REQUIRED ACTION>
Starting at the first line of the entries below, restate each line exactly until you reach the line with "[diagram v1b: board, top", and print that one too. Leave the pictures out and stop there.
** GIVEN INFORMATION follows **
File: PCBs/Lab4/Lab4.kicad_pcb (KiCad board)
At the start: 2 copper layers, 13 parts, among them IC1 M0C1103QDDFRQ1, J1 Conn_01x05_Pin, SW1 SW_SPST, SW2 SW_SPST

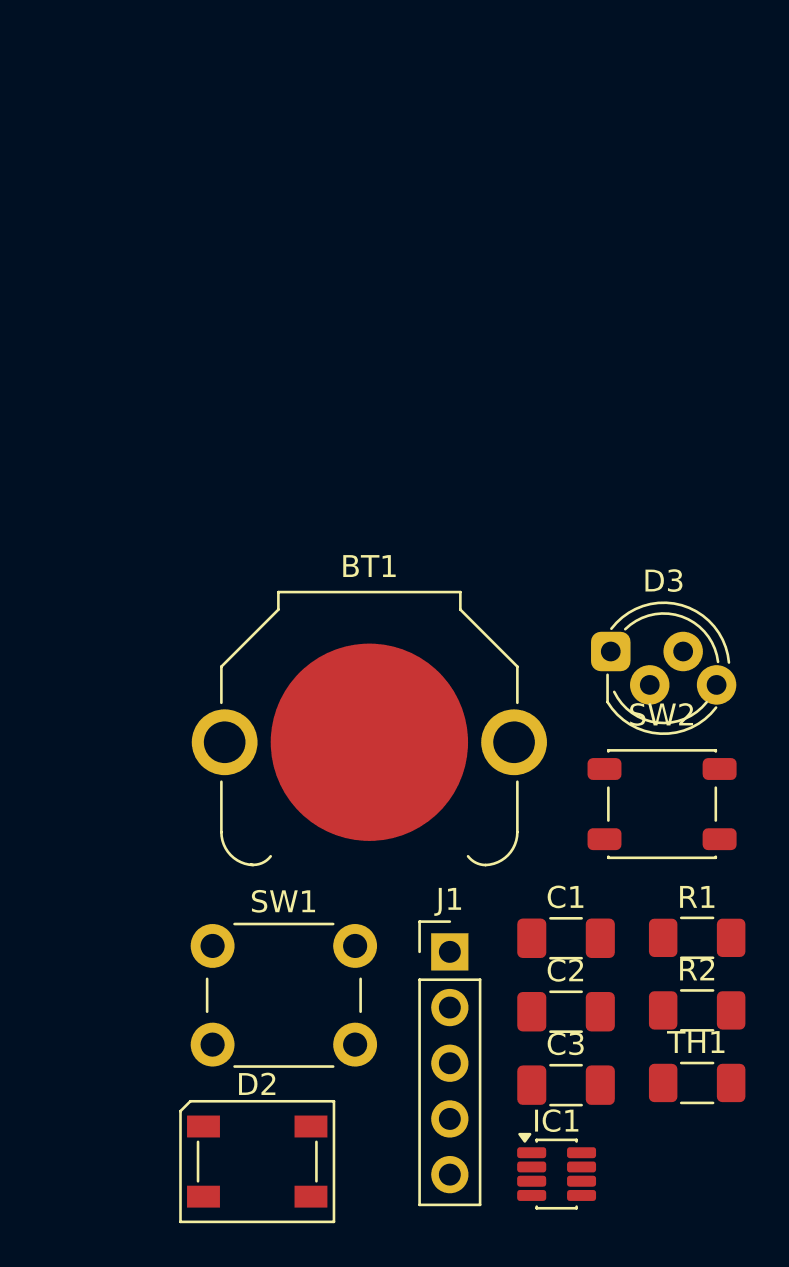
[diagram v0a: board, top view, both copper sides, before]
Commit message: Routed initial pcb submission
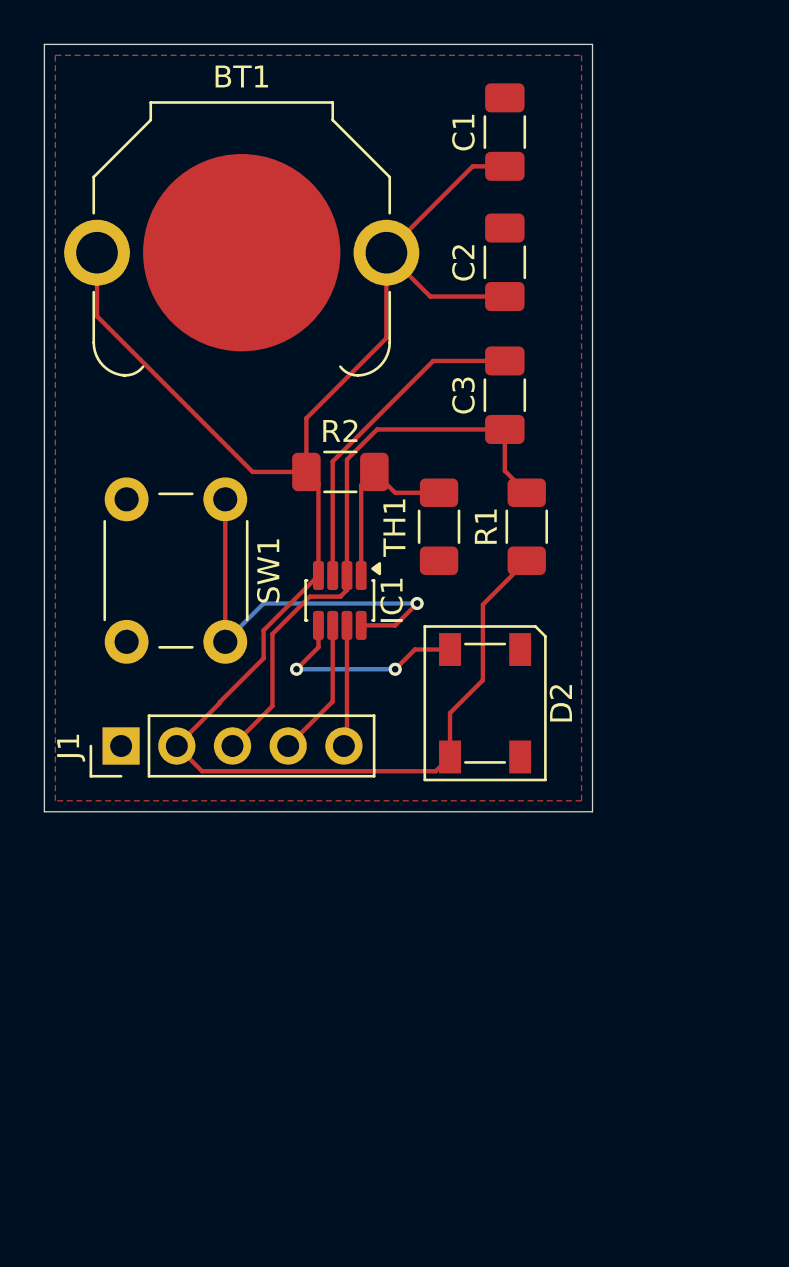
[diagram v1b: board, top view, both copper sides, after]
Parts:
- removed D3: NeoPixel_THT, LED_THT:LED_D5.0mm-4_RGB_Staggered_Pins
- removed SW2: SW_SPST, Button_Switch_SMD:SW_SPST_PTS647_Sx50
- moved C1 36.9 mm to (146.0, 65.0), turned to 90 degrees
- moved C2 34.3 mm to (146.0, 70.9), turned to 90 degrees
- moved C3 31.6 mm to (146.0, 77.0), turned to 90 degrees
- moved R2 29.5 mm to (138.5, 80.5)
- moved IC1 28.0 mm to (138.5, 86.4), turned to -90 degrees
- moved TH1 28.0 mm to (143.0, 83.0), turned to -90 degrees
- moved D2 23.3 mm to (145.1, 91.0), turned to -90 degrees
- moved BT1 23.1 mm to (134.0, 70.5)
- moved SW1 20.4 mm to (133.2, 81.8), turned to -90 degrees
- moved R1 20.3 mm to (147.0, 83.0), turned to 90 degrees
- moved J1 17.7 mm to (128.5, 93.0), turned to 90 degrees
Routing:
- net VDD: track 0.00 -> 79.2 mm
- net NRST: track 0.00 -> 28.1 mm
- net Button: track 0.00 -> 18.9 mm, vias 0 -> 1
- net GND: track 0.00 -> 15.0 mm
- net LED_DIN: track 0.00 -> 9.79 mm, vias 0 -> 2
- net THRM: track 0.00 -> 8.32 mm
- net SWDIO: track 0.00 -> 6.34 mm
- net SWCLK: track 0.00 -> 5.56 mm
- added copper zone on F.Cu, net GND
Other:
- board outline added: 25 x 35 mm

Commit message: Fixed routing for final submission
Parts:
- C3, R1: moved to B.Cu
- moved TH1 4.00 mm to (147.0, 83.0)
- moved R1 1.50 mm to (145.5, 83.0)
- turned BT1 to -90 degrees
- turned C2 to -90 degrees
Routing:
- net NRST: track 28.1 -> 37.9 mm, vias 0 -> 2
- net GND: track 15.0 -> 23.0 mm, vias 0 -> 1
- net THRM: track 8.32 -> 13.0 mm
- net LED_DIN: track 9.79 -> 8.08 mm
- net VDD: track 79.2 -> 77.8 mm, vias 0 -> 1
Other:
- board text added: "BS"
** End of GIVEN INFORMATION **
TASK ANSWER>
File: PCBs/Lab4/Lab4.kicad_pcb (KiCad board)
At the start: 2 copper layers, 13 parts, among them IC1 M0C1103QDDFRQ1, J1 Conn_01x05_Pin, SW1 SW_SPST, SW2 SW_SPST

[diagram v0a: board, top view, both copper sides, before]
Commit message: Routed initial pcb submission
[diagram v1b: board, top view, both copper sides, after]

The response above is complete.